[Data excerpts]
:::::

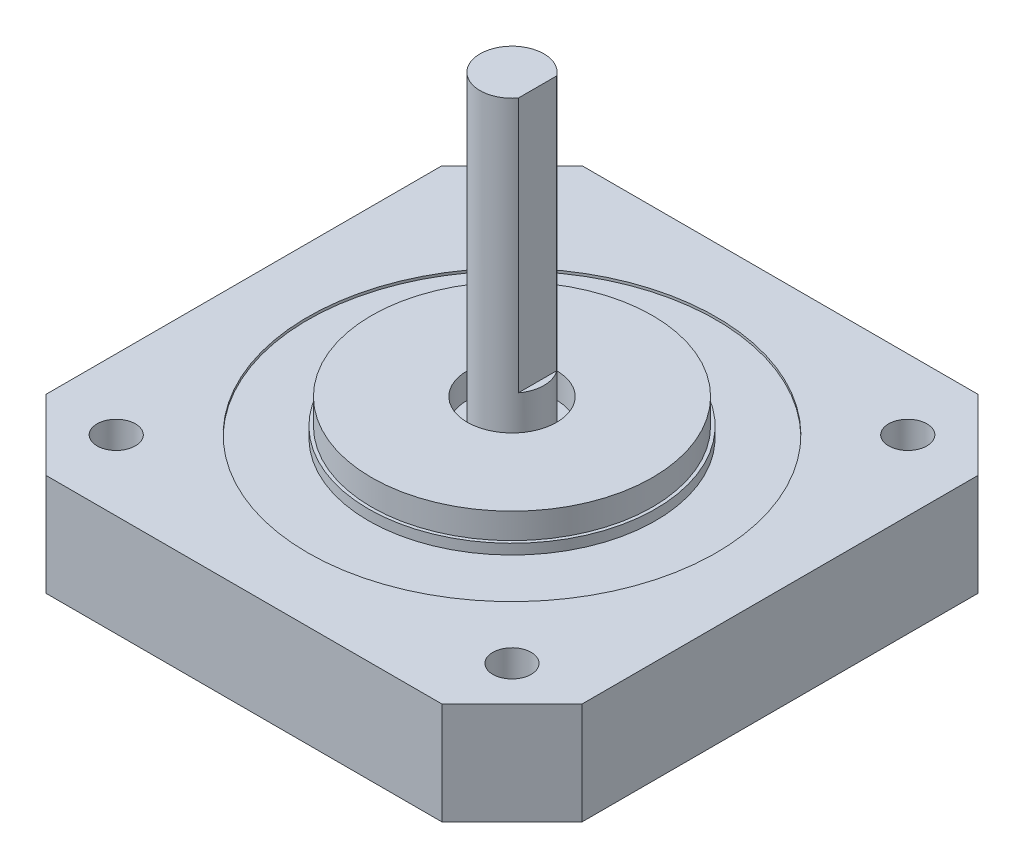
ISO-10303-21;
HEADER;
FILE_DESCRIPTION(('STEP AP214'),'2;1');
FILE_NAME('part.step','',(''),(''),'','','');
FILE_SCHEMA(('AUTOMOTIVE_DESIGN { 1 0 10303 214 1 1 1 1 }'));
ENDSEC;
DATA;
#1=APPLICATION_CONTEXT('core data for automotive mechanical design processes');
#2=APPLICATION_PROTOCOL_DEFINITION('international standard','automotive_design',2000,#1);
#3=PRODUCT_CONTEXT('',#1,'mechanical');
#4=PRODUCT('Part','Part','',(#3));
#5=PRODUCT_RELATED_PRODUCT_CATEGORY('part','',(#4));
#6=PRODUCT_DEFINITION_FORMATION('','',#4);
#7=PRODUCT_DEFINITION_CONTEXT('part definition',#1,'design');
#8=PRODUCT_DEFINITION('design','',#6,#7);
#9=PRODUCT_DEFINITION_SHAPE('','',#8);
#10=(LENGTH_UNIT() NAMED_UNIT(*) SI_UNIT(.MILLI.,.METRE.));
#11=(NAMED_UNIT(*) PLANE_ANGLE_UNIT() SI_UNIT($,.RADIAN.));
#12=(NAMED_UNIT(*) SI_UNIT($,.STERADIAN.) SOLID_ANGLE_UNIT());
#13=UNCERTAINTY_MEASURE_WITH_UNIT(LENGTH_MEASURE(1.E-05),#10,'distance_accuracy_value','');
#14=(GEOMETRIC_REPRESENTATION_CONTEXT(3) GLOBAL_UNCERTAINTY_ASSIGNED_CONTEXT((#13)) GLOBAL_UNIT_ASSIGNED_CONTEXT((#10,
#11,#12)) REPRESENTATION_CONTEXT('',''));
#15=CARTESIAN_POINT('',(0.,0.,0.));
#16=DIRECTION('',(0.,0.,1.));
#17=DIRECTION('',(1.,0.,0.));
#18=AXIS2_PLACEMENT_3D('',#15,#16,#17);
#19=CARTESIAN_POINT('',(-15.5,8.,15.5));
#20=DIRECTION('',(0.,-1.,0.));
#21=DIRECTION('',(0.,0.,-1.));
#22=AXIS2_PLACEMENT_3D('',#19,#20,#21);
#23=CYLINDRICAL_SURFACE('',#22,1.5);
#24=CARTESIAN_POINT('',(-15.5,8.,15.5));
#25=DIRECTION('',(0.,-1.,0.));
#26=DIRECTION('',(0.,0.,1.));
#27=AXIS2_PLACEMENT_3D('',#24,#25,#26);
#28=CIRCLE('',#27,1.5);
#29=CARTESIAN_POINT('',(-15.5,8.,17.));
#30=VERTEX_POINT('',#29);
#31=EDGE_CURVE('E166',#30,#30,#28,.T.);
#32=ORIENTED_EDGE('',*,*,#31,.F.);
#33=EDGE_LOOP('',(#32));
#34=FACE_BOUND('',#33,.T.);
#35=CARTESIAN_POINT('',(-15.5,1.,15.5));
#36=DIRECTION('',(0.,-1.,0.));
#37=DIRECTION('',(0.,0.,-1.));
#38=AXIS2_PLACEMENT_3D('',#35,#36,#37);
#39=CIRCLE('',#38,1.5);
#40=CARTESIAN_POINT('',(-15.5,1.,14.));
#41=VERTEX_POINT('',#40);
#42=EDGE_CURVE('E11',#41,#41,#39,.F.);
#43=ORIENTED_EDGE('',*,*,#42,.F.);
#44=EDGE_LOOP('',(#43));
#45=FACE_BOUND('',#44,.T.);
#46=ADVANCED_FACE('F35',(#34,#45),#23,.F.);
#47=CARTESIAN_POINT('',(15.5,8.,-15.5));
#48=DIRECTION('',(0.,-1.,0.));
#49=DIRECTION('',(0.,0.,-1.));
#50=AXIS2_PLACEMENT_3D('',#47,#48,#49);
#51=CYLINDRICAL_SURFACE('',#50,1.5);
#52=CARTESIAN_POINT('',(15.5,8.,-15.5));
#53=DIRECTION('',(0.,-1.,0.));
#54=DIRECTION('',(0.,0.,1.));
#55=AXIS2_PLACEMENT_3D('',#52,#53,#54);
#56=CIRCLE('',#55,1.5);
#57=CARTESIAN_POINT('',(15.5,8.,-14.));
#58=VERTEX_POINT('',#57);
#59=EDGE_CURVE('E167',#58,#58,#56,.T.);
#60=ORIENTED_EDGE('',*,*,#59,.F.);
#61=EDGE_LOOP('',(#60));
#62=FACE_BOUND('',#61,.T.);
#63=CARTESIAN_POINT('',(15.5,1.,-15.5));
#64=DIRECTION('',(0.,-1.,0.));
#65=DIRECTION('',(0.,0.,-1.));
#66=AXIS2_PLACEMENT_3D('',#63,#64,#65);
#67=CIRCLE('',#66,1.5);
#68=CARTESIAN_POINT('',(15.5,1.,-17.));
#69=VERTEX_POINT('',#68);
#70=EDGE_CURVE('E43',#69,#69,#67,.F.);
#71=ORIENTED_EDGE('',*,*,#70,.F.);
#72=EDGE_LOOP('',(#71));
#73=FACE_BOUND('',#72,.T.);
#74=ADVANCED_FACE('F241',(#62,#73),#51,.F.);
#75=CARTESIAN_POINT('',(-15.5,8.,-15.5));
#76=DIRECTION('',(0.,-1.,0.));
#77=DIRECTION('',(0.,0.,-1.));
#78=AXIS2_PLACEMENT_3D('',#75,#76,#77);
#79=CYLINDRICAL_SURFACE('',#78,1.5);
#80=CARTESIAN_POINT('',(-15.5,8.,-15.5));
#81=DIRECTION('',(0.,-1.,0.));
#82=DIRECTION('',(0.,0.,-1.));
#83=AXIS2_PLACEMENT_3D('',#80,#81,#82);
#84=CIRCLE('',#83,1.5);
#85=CARTESIAN_POINT('',(-15.5,8.,-17.));
#86=VERTEX_POINT('',#85);
#87=EDGE_CURVE('E170',#86,#86,#84,.T.);
#88=ORIENTED_EDGE('',*,*,#87,.F.);
#89=EDGE_LOOP('',(#88));
#90=FACE_BOUND('',#89,.T.);
#91=CARTESIAN_POINT('',(-15.5,1.,-15.5));
#92=DIRECTION('',(0.,-1.,0.));
#93=DIRECTION('',(0.,0.,-1.));
#94=AXIS2_PLACEMENT_3D('',#91,#92,#93);
#95=CIRCLE('',#94,1.5);
#96=CARTESIAN_POINT('',(-15.5,1.,-17.));
#97=VERTEX_POINT('',#96);
#98=EDGE_CURVE('E234',#97,#97,#95,.F.);
#99=ORIENTED_EDGE('',*,*,#98,.F.);
#100=EDGE_LOOP('',(#99));
#101=FACE_BOUND('',#100,.T.);
#102=ADVANCED_FACE('F243',(#90,#101),#79,.F.);
#103=CARTESIAN_POINT('',(15.5,8.,15.5));
#104=DIRECTION('',(0.,-1.,0.));
#105=DIRECTION('',(0.,0.,-1.));
#106=AXIS2_PLACEMENT_3D('',#103,#104,#105);
#107=CYLINDRICAL_SURFACE('',#106,1.5);
#108=CARTESIAN_POINT('',(15.5,8.,15.5));
#109=DIRECTION('',(0.,-1.,0.));
#110=DIRECTION('',(0.,0.,-1.));
#111=AXIS2_PLACEMENT_3D('',#108,#109,#110);
#112=CIRCLE('',#111,1.5);
#113=CARTESIAN_POINT('',(15.5,8.,14.));
#114=VERTEX_POINT('',#113);
#115=EDGE_CURVE('E161',#114,#114,#112,.T.);
#116=ORIENTED_EDGE('',*,*,#115,.F.);
#117=EDGE_LOOP('',(#116));
#118=FACE_BOUND('',#117,.T.);
#119=CARTESIAN_POINT('',(15.5,1.,15.5));
#120=DIRECTION('',(0.,-1.,0.));
#121=DIRECTION('',(0.,0.,-1.));
#122=AXIS2_PLACEMENT_3D('',#119,#120,#121);
#123=CIRCLE('',#122,1.5);
#124=CARTESIAN_POINT('',(15.5,1.,14.));
#125=VERTEX_POINT('',#124);
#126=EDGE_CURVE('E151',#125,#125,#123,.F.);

:::::

Aim of the task: Once you reach the line with "#68=CARTESIAN_POINT('',(15.5,1.,-17.));" in the data above, copy it and every line after it exactly, up to and including the line with "#105=DIRECTION('',(0.,0.,-1.));".

Exercise output:
#68=CARTESIAN_POINT('',(15.5,1.,-17.));
#69=VERTEX_POINT('',#68);
#70=EDGE_CURVE('E43',#69,#69,#67,.F.);
#71=ORIENTED_EDGE('',*,*,#70,.F.);
#72=EDGE_LOOP('',(#71));
#73=FACE_BOUND('',#72,.T.);
#74=ADVANCED_FACE('F241',(#62,#73),#51,.F.);
#75=CARTESIAN_POINT('',(-15.5,8.,-15.5));
#76=DIRECTION('',(0.,-1.,0.));
#77=DIRECTION('',(0.,0.,-1.));
#78=AXIS2_PLACEMENT_3D('',#75,#76,#77);
#79=CYLINDRICAL_SURFACE('',#78,1.5);
#80=CARTESIAN_POINT('',(-15.5,8.,-15.5));
#81=DIRECTION('',(0.,-1.,0.));
#82=DIRECTION('',(0.,0.,-1.));
#83=AXIS2_PLACEMENT_3D('',#80,#81,#82);
#84=CIRCLE('',#83,1.5);
#85=CARTESIAN_POINT('',(-15.5,8.,-17.));
#86=VERTEX_POINT('',#85);
#87=EDGE_CURVE('E170',#86,#86,#84,.T.);
#88=ORIENTED_EDGE('',*,*,#87,.F.);
#89=EDGE_LOOP('',(#88));
#90=FACE_BOUND('',#89,.T.);
#91=CARTESIAN_POINT('',(-15.5,1.,-15.5));
#92=DIRECTION('',(0.,-1.,0.));
#93=DIRECTION('',(0.,0.,-1.));
#94=AXIS2_PLACEMENT_3D('',#91,#92,#93);
#95=CIRCLE('',#94,1.5);
#96=CARTESIAN_POINT('',(-15.5,1.,-17.));
#97=VERTEX_POINT('',#96);
#98=EDGE_CURVE('E234',#97,#97,#95,.F.);
#99=ORIENTED_EDGE('',*,*,#98,.F.);
#100=EDGE_LOOP('',(#99));
#101=FACE_BOUND('',#100,.T.);
#102=ADVANCED_FACE('F243',(#90,#101),#79,.F.);
#103=CARTESIAN_POINT('',(15.5,8.,15.5));
#104=DIRECTION('',(0.,-1.,0.));
#105=DIRECTION('',(0.,0.,-1.));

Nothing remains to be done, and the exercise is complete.